§ Goal of the exercise: Show every line of the data where the word "Integrator" can be found.

◇ ◇ ◇ ◇ ◇ ◇ ◇

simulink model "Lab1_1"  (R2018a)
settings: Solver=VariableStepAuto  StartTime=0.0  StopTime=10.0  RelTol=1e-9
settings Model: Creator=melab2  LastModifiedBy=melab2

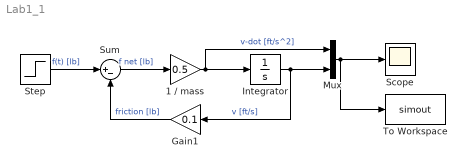
== system Lab1_1 ==
  1 / mass : Gain  Gain=0.5
  Gain1 : Gain  Gain=0.1
  "Integrator " : Integrator
  Mux : Mux  Inputs=2
  "Scope " : Scope
  "Step " : Step  SampleTime=0
  Sum : Sum  Inputs=|+-
  "To Workspace " : ToWorkspace  VariableName=simout  SampleTime=-1
  wires:
  "Step "/1 -> Sum/1  "f(t) [lb]"
  Sum/1 -> 1 / mass/1  "f net [lb]"
  1 / mass/1 -> Mux/1, "Integrator "/1  "v-dot [ft/s^2]"
  Gain1/1 -> Sum/2  "friction [lb]"
  "Integrator "/1 -> Gain1/1, Mux/2  "v [ft/s]"
  Mux/1 -> "To Workspace "/1, "Scope "/1

◇ ◇ ◇ ◇ ◇ ◇ ◇

§ Result of this exercise:
  "Integrator " : Integrator
  1 / mass/1 -> Mux/1, "Integrator "/1  "v-dot [ft/s^2]"
  "Integrator "/1 -> Gain1/1, Mux/2  "v [ft/s]"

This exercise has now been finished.